Doug, can you provide some comments/insight here when time permits?

-- 
| Jeremy Chadwick                                    jdc at parodius.com |
| Parodius Networking                           http://www.parodius.com/ |
| UNIX Systems Administrator                      Mountain View, CA, USA |
| Making life hard for others since 1977.                  PGP: 4BD6C0CB |
Comment 4 Chris Rees freebsd_committer freebsd_triage 2012-10-25 20:36:15 UTC
State Changed
From-To: open->feedback

This indicates to me that your swap device is possibly too small to fit 
the coredump and the fsck results.  How big is it?
Comment 5 Enji Cooper freebsd_committer freebsd_triage 2017-06-09 19:29:05 UTC
(In reply to Chris Rees from comment #4)

Actually, no. The problem is that it can't find a coredump on a partition.

I'll take a look at this bug...
Comment 6 Enji Cooper freebsd_committer freebsd_triage 2017-11-05 20:56:16 UTC
Mark might have fixed this recently.
Comment 7 Mark Johnston freebsd_committer freebsd_triage 2017-11-05 21:12:33 UTC
swapon will not clobber any kernel dump metadata - the swap pager doesn't store any metadata on the swap device. There's a potential issue if we start swapping after the swap device is enabled and before we attempt to recover the kernel dump, but this is quite unlikely, and kernel dumps are written in a way that minimizes the likelihood of swap data overwriting a kernel dump header.

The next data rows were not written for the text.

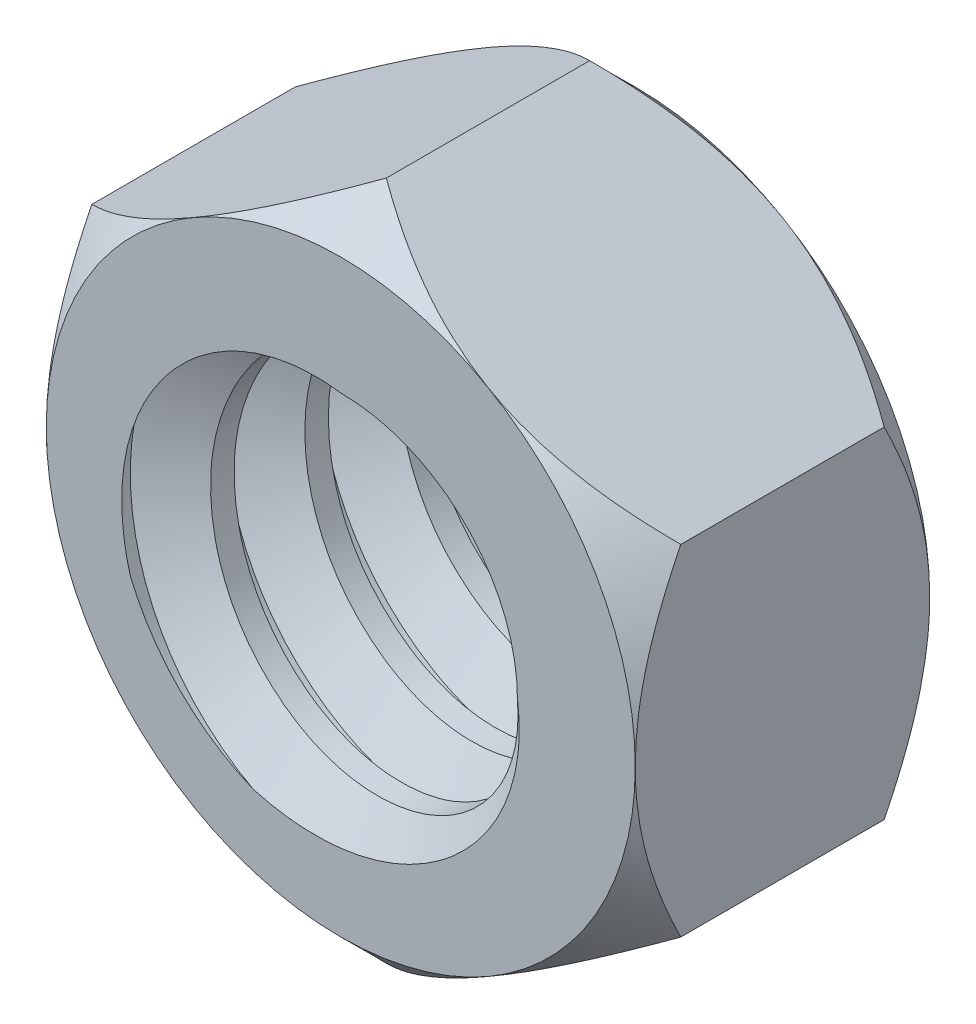
from build123d import *

# Parameters (mm, degrees)
BOSS_EXTRUDE1_DEPTH     = 1.25
SKETCH8_OUTSIDE_W       = 28.608
SKETCH8_OUTSIDE_H       = 29.382
SKETCH8_OUTSIDE_R       = 2.5
CUT_EXTRUDE4_DEPTH      = 10
CUT_EXTRUDE4_DRAFT      = -45
MIRROR1_COPY_1_SKETCH_W = 28.608
MIRROR1_COPY_1_SKETCH_H = 29.382
MIRROR1_COPY_1_SKETCH_R = 2.5
MIRROR1_COPY_1_DEPTH    = 10
MIRROR1_COPY_1_DRAFT    = -45
CUT_EXTRUDE5_DEPTH      = 10
CUT_EXTRUDE5_DEPTH_BACK = 10
SKETCH1_4_R             = 1.5
THREAD2_PITCH           = 0.8
SCALE1_SCALE            = 1.666666667


with BuildPart() as part:
    # Sketch1 → Boss-Extrude1 (new, symmetric)
    with BuildSketch(Plane.XY):
        Polygon((0, 2.886751346), (-2.5, 1.443375673), (-2.5, -1.443375673), (0, -2.886751346), (2.5, -1.443375673), (2.5, 1.443375673), align=None)
    extrude(amount=BOSS_EXTRUDE1_DEPTH, both=True)


with BuildPart() as cut_extrude4_tool:
    # Sketch8 outside → Cut-Extrude4 (with draft: the straight prism first)
    with BuildSketch(Plane.XY.offset(1.25)):
        Rectangle(SKETCH8_OUTSIDE_W, SKETCH8_OUTSIDE_H)
        Circle(SKETCH8_OUTSIDE_R, mode=Mode.SUBTRACT)
    extrude(amount=-CUT_EXTRUDE4_DEPTH)
    # Cut-Extrude4: the draft: its side faces are tilted about the plane it starts from
    cut_extrude4_sides = [cut_extrude4_tool.faces().sort_by_distance(p)[0] for p in [
        (0, -14.691, -3.75),
        (14.304, 0, -3.75),
        (0, 14.691, -3.75),
        (-14.304, 0, -3.75),
        (-2.5, 0, -3.75),
    ]]
    draft(cut_extrude4_sides, Plane.XY.offset(1.25), CUT_EXTRUDE4_DRAFT)


with BuildPart() as part_1:
    add(part.part)

    # Cut-Extrude4: cut by cut_extrude4_tool
    add(cut_extrude4_tool.part, mode=Mode.SUBTRACT)


with BuildPart() as mirror1_copy_1_tool:
    # Mirror1 copy 1 sketch → Mirror1 copy 1 (with draft: the straight prism first)
    with BuildSketch(Plane(origin=(0, 0, -1.25), x_dir=(1, 0, 0), z_dir=(0, 0, -1))):
        Rectangle(MIRROR1_COPY_1_SKETCH_W, MIRROR1_COPY_1_SKETCH_H)
        Circle(MIRROR1_COPY_1_SKETCH_R, mode=Mode.SUBTRACT)
    extrude(amount=-MIRROR1_COPY_1_DEPTH)
    # Mirror1 copy 1: the draft: its side faces are tilted about the plane it starts from
    mirror1_copy_1_sides = [mirror1_copy_1_tool.faces().sort_by_distance(p)[0] for p in [
        (0, -14.691, 3.75),
        (14.304, 0, 3.75),
        (0, 14.691, 3.75),
        (-14.304, 0, 3.75),
        (-2.5, 0, 3.75),
    ]]
    draft(mirror1_copy_1_sides, Plane(origin=(0, 0, -1.25), x_dir=(1, 0, 0), z_dir=(0, 0, -1)), MIRROR1_COPY_1_DRAFT)


with BuildPart() as part_2:
    add(part_1.part)

    # Mirror1 copy 1: cut by mirror1_copy_1_tool
    add(mirror1_copy_1_tool.part, mode=Mode.SUBTRACT)

    # Sketch1<4> → Cut-Extrude5 (cut, two sides: drawn at the far end of the back side and taken through both)
    with BuildSketch(Plane.XY.offset(-CUT_EXTRUDE5_DEPTH_BACK)):
        Circle(SKETCH1_4_R)
    extrude(amount=CUT_EXTRUDE5_DEPTH + CUT_EXTRUDE5_DEPTH_BACK, mode=Mode.SUBTRACT)

    # Thread2: the profile of Thread Profile3 profile screwed along a right-hand helix of 12.5 turns, 8 arcs to a turn; built about Z, then put on its axis
    thread2_z = Axis((0, 0, 0), (0, 0, 1))
    thread2_corners = [(1.4997, 0, -0.000173205), (1.9330127, 0, 0.249999999), (1.9330127, 0, 0.349999999), (1.4997, 0, 0.600173203)]
    with BuildLine(mode=Mode.PRIVATE) as thread2_profile:
        Line(thread2_corners[0], thread2_corners[1])
        Line(thread2_corners[1], thread2_corners[2])
        Line(thread2_corners[2], thread2_corners[3])
        Line(thread2_corners[3], thread2_corners[0])
    thread2_cap = Face(thread2_profile.wire())
    thread2_turn_angles = [0, 22.5, 45, 67.5, 90, 112.5, 135, 157.5, 180, 202.5, 225, 247.5, 270, 292.5, 315, 337.5, 360]
    thread2_turn_weights = [1, 0.9238795325112867, 1, 0.9238795325112867, 1, 0.9238795325112867, 1, 0.9238795325112867, 1, 0.9238795325112867, 1, 0.9238795325112867, 1, 0.9238795325112867, 1, 0.9238795325112867, 1]
    thread2_turn_rails = [Edge.make_bspline([Vector(p[0], p[1], 0).rotate(thread2_z, thread2_turn_angles[k]) / thread2_turn_weights[k] + Vector(0, 0, p[2] + THREAD2_PITCH * thread2_turn_angles[k] / 360) for k in range(17)], [0, 0, 0, 1, 1, 2, 2, 3, 3, 4, 4, 5, 5, 6, 6, 7, 7, 8, 8, 8], 2, thread2_turn_weights) for p in thread2_corners]
    thread2_turn_sides = [Face.make_surface_from_curves(thread2_turn_rails[p[0]], thread2_turn_rails[p[1]]) for p in [(0, 1), (1, 2), (2, 3), (3, 0)]]
    thread2_last_angles = [4320, 4342.5, 4365, 4387.5, 4410, 4432.5, 4455, 4477.5, 4500]
    thread2_last_weights = [1, 0.9238795325112867, 1, 0.9238795325112867, 1, 0.9238795325112867, 1, 0.9238795325112867, 1]
    thread2_last_rails = [Edge.make_bspline([Vector(p[0], p[1], 0).rotate(thread2_z, thread2_last_angles[k]) / thread2_last_weights[k] + Vector(0, 0, p[2] + THREAD2_PITCH * thread2_last_angles[k] / 360) for k in range(9)], [0, 0, 0, 1, 1, 2, 2, 3, 3, 4, 4, 4], 2, thread2_last_weights) for p in thread2_corners]
    thread2_last_sides = [Face.make_surface_from_curves(thread2_last_rails[p[0]], thread2_last_rails[p[1]]) for p in [(0, 1), (1, 2), (2, 3), (3, 0)]]
    thread2 = Plane(origin=(0, 0, 2.25), x_dir=(-1, 0, 0), z_dir=(0, 0, -1)) * Solid(Shell([*[p.moved(Location((0, 0, THREAD2_PITCH * i))) for i in range(12) for p in thread2_turn_sides], *thread2_last_sides, thread2_cap, thread2_cap.rotate(thread2_z, 4500).moved(Location((0, 0, THREAD2_PITCH * 4500 / 360)))]))
    add(thread2, mode=Mode.SUBTRACT)


with BuildPart() as part_3:
    # Scale1: scaled about (0.004861614, 0.002588167, 0.000206225)
    add(part_2.part.scale(SCALE1_SCALE).moved(Location((-0.003241076, -0.001725445, -0.000137483))))


solid = part_3.part

It doesn't look like it was ever confirmed that switching the order does in fact fix the problem. If the issue occurs again, a useful first step would be to read back the last sector of the dump device with dd(1) after a crash. However, given the age of this PR, I suspect we won't be able to make any progress. I'm sorry that the PR didn't get much attention.